I write separately to acknowledge the plight Libyans face due to widespread warfare and

oppression inflicted by various militias across Africa and specifically in Libya. There is no

question that tribal-affiliated Libyans, like Nayed and her siblings and children, endure hardships

because of the deadly nature of identity politics in Libya. Her sister successfully sought asylum

based on the same hardships Nayed alleges, emphasizing the legitimacy of Nayed’s fear. But we

are governed by precedent that does not allow us to grant relief in this instance:            Nayed

unfortunately faced a steeper uphill battle than her sister, as her sister’s application was approved

outside of the court system.

       And substantively, the instances of violence against Zintanis were temporally closer to her

sister’s application.
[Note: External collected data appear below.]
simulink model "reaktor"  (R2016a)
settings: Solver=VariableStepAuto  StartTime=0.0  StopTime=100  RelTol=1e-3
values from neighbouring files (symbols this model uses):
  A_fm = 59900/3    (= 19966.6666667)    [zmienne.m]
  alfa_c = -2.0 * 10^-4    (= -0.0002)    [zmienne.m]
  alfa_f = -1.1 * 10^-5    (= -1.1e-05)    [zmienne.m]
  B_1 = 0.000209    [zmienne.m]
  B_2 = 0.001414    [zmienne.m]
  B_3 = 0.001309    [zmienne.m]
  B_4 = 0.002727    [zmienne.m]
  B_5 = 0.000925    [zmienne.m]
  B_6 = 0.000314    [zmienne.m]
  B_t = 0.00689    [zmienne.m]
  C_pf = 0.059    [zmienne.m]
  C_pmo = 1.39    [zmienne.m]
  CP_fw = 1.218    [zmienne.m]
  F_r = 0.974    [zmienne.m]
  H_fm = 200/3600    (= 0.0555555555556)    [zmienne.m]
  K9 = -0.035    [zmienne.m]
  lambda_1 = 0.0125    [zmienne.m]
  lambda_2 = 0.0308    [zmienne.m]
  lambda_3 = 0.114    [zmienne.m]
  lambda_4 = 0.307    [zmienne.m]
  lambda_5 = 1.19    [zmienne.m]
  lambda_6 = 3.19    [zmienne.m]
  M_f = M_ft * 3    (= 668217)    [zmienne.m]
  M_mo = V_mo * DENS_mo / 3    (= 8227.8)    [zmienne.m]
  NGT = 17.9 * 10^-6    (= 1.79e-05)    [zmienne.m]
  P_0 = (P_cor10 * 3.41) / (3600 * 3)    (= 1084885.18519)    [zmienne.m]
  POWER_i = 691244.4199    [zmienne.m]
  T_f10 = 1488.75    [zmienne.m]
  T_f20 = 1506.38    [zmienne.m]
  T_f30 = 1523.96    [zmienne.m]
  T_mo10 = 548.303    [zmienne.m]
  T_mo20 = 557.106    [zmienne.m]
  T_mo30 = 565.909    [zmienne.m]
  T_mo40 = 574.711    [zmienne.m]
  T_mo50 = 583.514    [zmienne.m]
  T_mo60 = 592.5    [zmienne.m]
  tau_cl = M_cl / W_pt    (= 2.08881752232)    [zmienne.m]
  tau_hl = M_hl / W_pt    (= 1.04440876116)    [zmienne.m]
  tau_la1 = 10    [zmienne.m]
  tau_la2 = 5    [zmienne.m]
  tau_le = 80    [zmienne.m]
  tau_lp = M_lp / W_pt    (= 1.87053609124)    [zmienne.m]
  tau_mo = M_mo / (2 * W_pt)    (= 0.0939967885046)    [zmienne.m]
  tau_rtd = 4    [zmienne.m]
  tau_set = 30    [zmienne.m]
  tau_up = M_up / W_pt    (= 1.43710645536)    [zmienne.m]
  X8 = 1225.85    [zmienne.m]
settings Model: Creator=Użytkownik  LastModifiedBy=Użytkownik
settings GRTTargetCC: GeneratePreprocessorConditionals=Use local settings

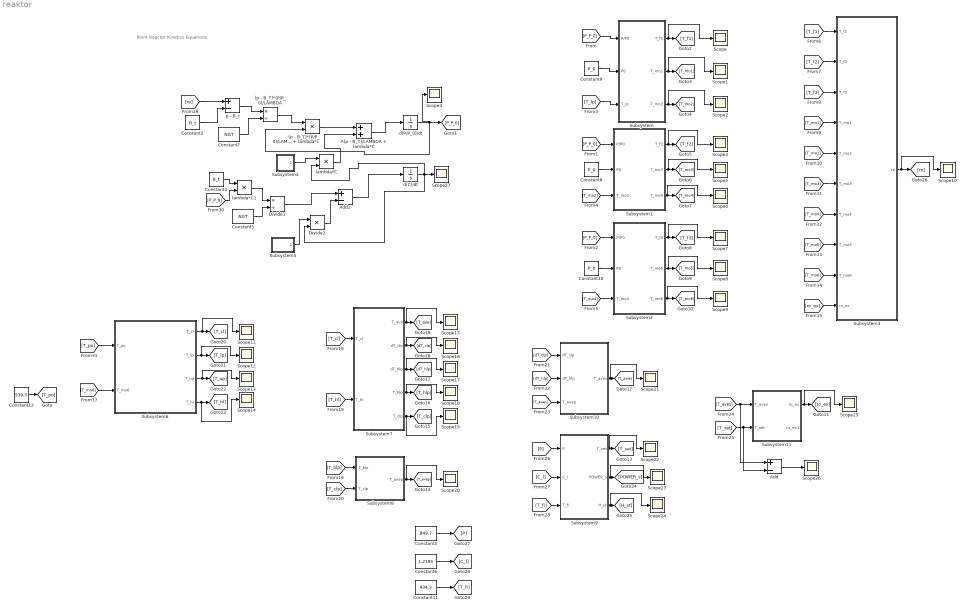
== system reaktor ==
  note: Point Reactor Kinetics Equations
  (p - B_T)*(P/P_0)/LAMBDA : Product  Inputs=*/
  (p - B_T)*(P/P_0)/LAMBDA + lambda*c : Product  Inputs=**
  A(p - B_T)/LAMBDA + lambda*C : Sum
  Add : Sum  Inputs=+-
  Add1 : Sum  Inputs=+-
  Constant10 : Constant  Value=P_0
  Constant11 : Constant  Value=434.3
  Constant12 : Constant  Value=539.5
  Constant2 : Constant  Value=B_t
  Constant3 : Constant  Value=849.7
  Constant4 : Constant  Value=B_t
  Constant5 : Constant  Value=NGT
  Constant6 : Constant  Value=1.2195
  Constant7 : Constant  Value=NGT
  Constant8 : Constant  Value=P_0
  Constant9 : Constant  Value=P_0
  Divide1 : Product  Inputs=*/
  Divide2 : Product  Inputs=**
  Scope{,1..27} (28 alike) : Scope
  Subsystem : Subsystem
  Subsystem1 : Subsystem
  Subsystem10 : Subsystem
  Subsystem11 : Subsystem
  Subsystem2 : Subsystem
  Subsystem3 : Subsystem
  Subsystem4 : Subsystem
  Subsystem5 : Subsystem
  Subsystem6 : Subsystem
  Subsystem7 : Subsystem
  Subsystem8 : Subsystem
  Subsystem9 : Subsystem
  d(C)/dt : Integrator  InitialCondition=4625.71
  d(P/P_0)/dt : Integrator  InitialCondition=1
  lambda*C : Product  Inputs=**
  lambda*C1 : Product  Inputs=**
  p - B_t : Sum  Inputs=+-
  wires:
  Constant2/1 -> p - B_t/2
  p - B_t/1 -> (p - B_T)*(P/P_0)/LAMBDA/1
  Constant7/1 -> (p - B_T)*(P/P_0)/LAMBDA/2
  Subsystem4/1(lambda) -> lambda*C/1
  d(C)/dt/1 -> Scope27/1, Divide2/2, lambda*C/2
  lambda*C/1 -> A(p - B_T)/LAMBDA + lambda*C/2
  A(p - B_T)/LAMBDA + lambda*C/1 -> d(P/P_0)/dt/1
  Constant5/1 -> Divide1/2
  (p - B_T)*(P/P_0)/LAMBDA/1 -> (p - B_T)*(P/P_0)/LAMBDA + lambda*c/1
  (p - B_T)*(P/P_0)/LAMBDA + lambda*c/1 -> A(p - B_T)/LAMBDA + lambda*C/1
  Divide1/1 -> Add1/1
  Subsystem5/1(lambda) -> Divide2/1
  Divide2/1 -> Add1/2
  Add1/1 -> d(C)/dt/1
  d(P/P_0)/dt/1 -> (p - B_T)*(P/P_0)/LAMBDA + lambda*c/2, [P_P_0], Scope4/1
  Constant9/1 -> Subsystem/2(P0)
  Constant8/1 -> Subsystem1/2(P0)
  Constant10/1 -> Subsystem2/2(P0)
  [T_po] -> Subsystem6/1(T_po)
  [P_P_0] -> Subsystem/1("P/P0 ")
  [P_P_0] -> Subsystem1/1("P/P0 ")
  [P_P_0] -> Subsystem2/1("P/P0 ")
  Subsystem/1(T_f1) -> Scope/1, [T_f1]
  Subsystem/2(T_mo1) -> Scope1/1, [T_mo1]
  Subsystem/3(T_mo2) -> Scope2/1, [T_mo2]
  Subsystem1/1(T_f2) -> Scope3/1, [T_f2]
  Subsystem1/2(T_mo3) -> Scope5/1, [T_mo3]
  Subsystem1/3(T_mo4) -> Scope6/1, [T_mo4]
  Subsystem2/1(T_f3) -> Scope7/1, [T_f3]
  Subsystem2/2(T_mo5) -> Scope8/1, [T_mo5]
  Subsystem2/3(T_mo6) -> Scope9/1, [T_mo6]
  [T_lp] -> Subsystem/3(T_lp)
  [T_mo2] -> Subsystem1/3(T_mo2)
  [T_mo4] -> Subsystem2/3(T_mo4)
  [T_f1] -> Subsystem3/1(T_f1)
  [T_f2] -> Subsystem3/2(T_f2)
  [T_f3] -> Subsystem3/3(T_f3)
  [T_mo1] -> Subsystem3/4(T_mo1)
  [T_mo2] -> Subsystem3/5(T_mo2)
  [T_mo3] -> Subsystem3/6(T_mo3)
  [T_mo4] -> Subsystem3/7(T_mo4)
  [T_mo5] -> Subsystem3/8(T_mo5)
  [T_mo6] -> Subsystem3/9(T_mo6)
  [ro_ex] -> Subsystem3/10(ro_ex)
  [T_cl] -> Subsystem7/1(T_cl)
  [T_hl] -> Subsystem7/2(T_hl)
  [T_hlp] -> Subsystem8/1(T_hlp)
  [T_clp] -> Subsystem8/2(T_clp)
  [dT_clp] -> Subsystem10/1(dT_clp)
  [dT_hlp] -> Subsystem10/2(dT_hlp)
  [T_avep] -> Subsystem10/3(T_avep)
  [T_aves] -> Add/1, Subsystem11/1(T_aves)
  [T_set] -> Add/2, Subsystem11/2(T_set)
  Subsystem10/1(T_aves) -> Scope21/1, [T_aves]
  Subsystem9/1(T_set) -> Scope22/1, [T_set]
  Subsystem8/1(T_avep) -> Scope20/1, [T_avep]
  Subsystem7/5(T_clp) -> Scope19/1, [T_clp]
  Subsystem7/4(T_hlp) -> Scope18/1, [T_hlp]
  Subsystem7/3(dT_hlp) -> Scope17/1, [dT_hlp]
  Subsystem7/2(dT_clp) -> Scope16/1, [dT_clp]
  Subsystem7/1(T_ave) -> Scope15/1, [T_ave]
  Subsystem6/3(T_up) -> Scope13/1, [T_up]
  Subsystem6/2(T_lp) -> Scope12/1, [T_lp]
  Subsystem6/1(T_cl) -> Scope11/1, [T_cl]
  Subsystem9/2(POWER_s) -> [POWER_s], Scope23/1
  [P] -> Subsystem9/1(P)
  [C_l] -> Subsystem9/2(C_l)
  [T_fi] -> Subsystem9/3(T_fi)
  [T_mo6] -> Subsystem6/2(T_mo6)
  Subsystem3/1(ro) -> Scope10/1, [ro]
  Constant3/1 -> [P]
  Constant6/1 -> [C_l]
  Constant4/1 -> lambda*C1/1
  [P_P_0] -> lambda*C1/2
  lambda*C1/1 -> Divide1/1
  Subsystem11/1(ro_ex) -> Scope25/1, [ro_ex]
  Subsystem9/3(H_st) -> Scope24/1, [H_st]
  Add/1 -> Scope26/1
  Subsystem6/4(T_hl) -> Scope14/1, [T_hl]
  Constant11/1 -> [T_fi]
  Constant12/1 -> [T_po]
  [ro] -> p - B_t/1

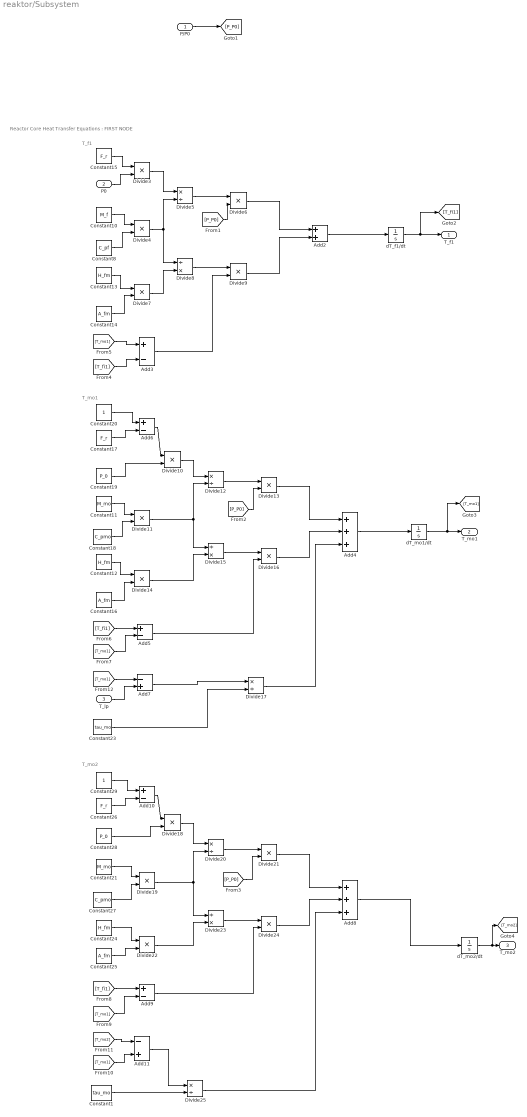
== system reaktor/Subsystem ==
  note: T_mo2
  note: T_mo1
  note: T_f1
  note: Reactor Core Heat Transfer Equations : FIRST NODE
  "P/P0 " : Inport
  P0 : Inport  Port=2
  T_lp : Inport  Port=3
  Add{3,5..6,9..10} (5 alike) : Sum  Inputs=+-
  Add11 : Sum  Inputs=-+
  Add2 : Sum
  Add4 : Sum  Inputs=+++
  Add7 : Sum  Inputs=-+
  Add8 : Sum  Inputs=+++
  Constant1 : Constant  Value=tau_mo
  Constant10 : Constant  Value=M_f
  Constant11 : Constant  Value=M_mo
  Constant12 : Constant  Value=H_fm
  Constant13 : Constant  Value=H_fm
  Constant14 : Constant  Value=A_fm
  Constant15 : Constant  Value=F_r
  Constant16 : Constant  Value=A_fm
  Constant17 : Constant  Value=F_r
  Constant18 : Constant  Value=C_pmo
  Constant19 : Constant  Value=P_0
  Constant20 : Constant
  Constant21 : Constant  Value=M_mo
  Constant23 : Constant  Value=tau_mo
  Constant24 : Constant  Value=H_fm
  Constant25 : Constant  Value=A_fm
  Constant26 : Constant  Value=F_r
  Constant27 : Constant  Value=C_pmo
  Constant28 : Constant  Value=P_0
  Constant29 : Constant
  Constant8 : Constant  Value=C_pf
  Divide{3..4,6..7,9..11,13..14,16,18..19,21..22,24} (15 alike) : Product  Inputs=**
  Divide{5,12,17,20,25} (5 alike) : Product  Inputs=*/
  Divide15 : Product  Inputs=/*
  Divide23 : Product  Inputs=/*
  Divide8 : Product  Inputs=/*
  dT_f1/dt : Integrator  InitialCondition=1488.75
  dT_mo1/dt : Integrator  InitialCondition=548.303
  dT_mo2/dt : Integrator  InitialCondition=557.106
  T_f1 : Outport
  T_mo1 : Outport  Port=2
  T_mo2 : Outport  Port=3
  wires:
  Constant15/1 -> Divide3/1
  Constant10/1 -> Divide4/1
  Constant8/1 -> Divide4/2
  Divide3/1 -> Divide5/1
  Divide4/1 -> Divide5/2, Divide8/1
  Divide5/1 -> Divide6/1
  Divide6/1 -> Add2/1
  Constant13/1 -> Divide7/1
  Constant14/1 -> Divide7/2
  Divide7/1 -> Divide8/2
  Divide8/1 -> Divide9/1
  dT_mo1/dt/1 -> [T_mo1], T_mo1/1
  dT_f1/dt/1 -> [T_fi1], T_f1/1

Our hands are tied by the fact the IJ and BIA here did not find her sister’s

grant of asylum to be dispositive on account of these differences. Even where a petitioner presents

another legitimate view of the facts based on items in the record, and even if I may have adopted

that alternative view in the first instance, we cannot substitute the BIA’s factual findings with our

own. Yu v. Ashcroft, 364 F.3d 700, 703 (6th Cir. 2004); INS v. Elias-Zacarias, 502 U.S. 478, 483–

84 (1992).

       Absent an error of law and so long as the conclusions flowing from these conclusive

findings of fact do not compel a contrary result—as is the case here—we must deny the petition.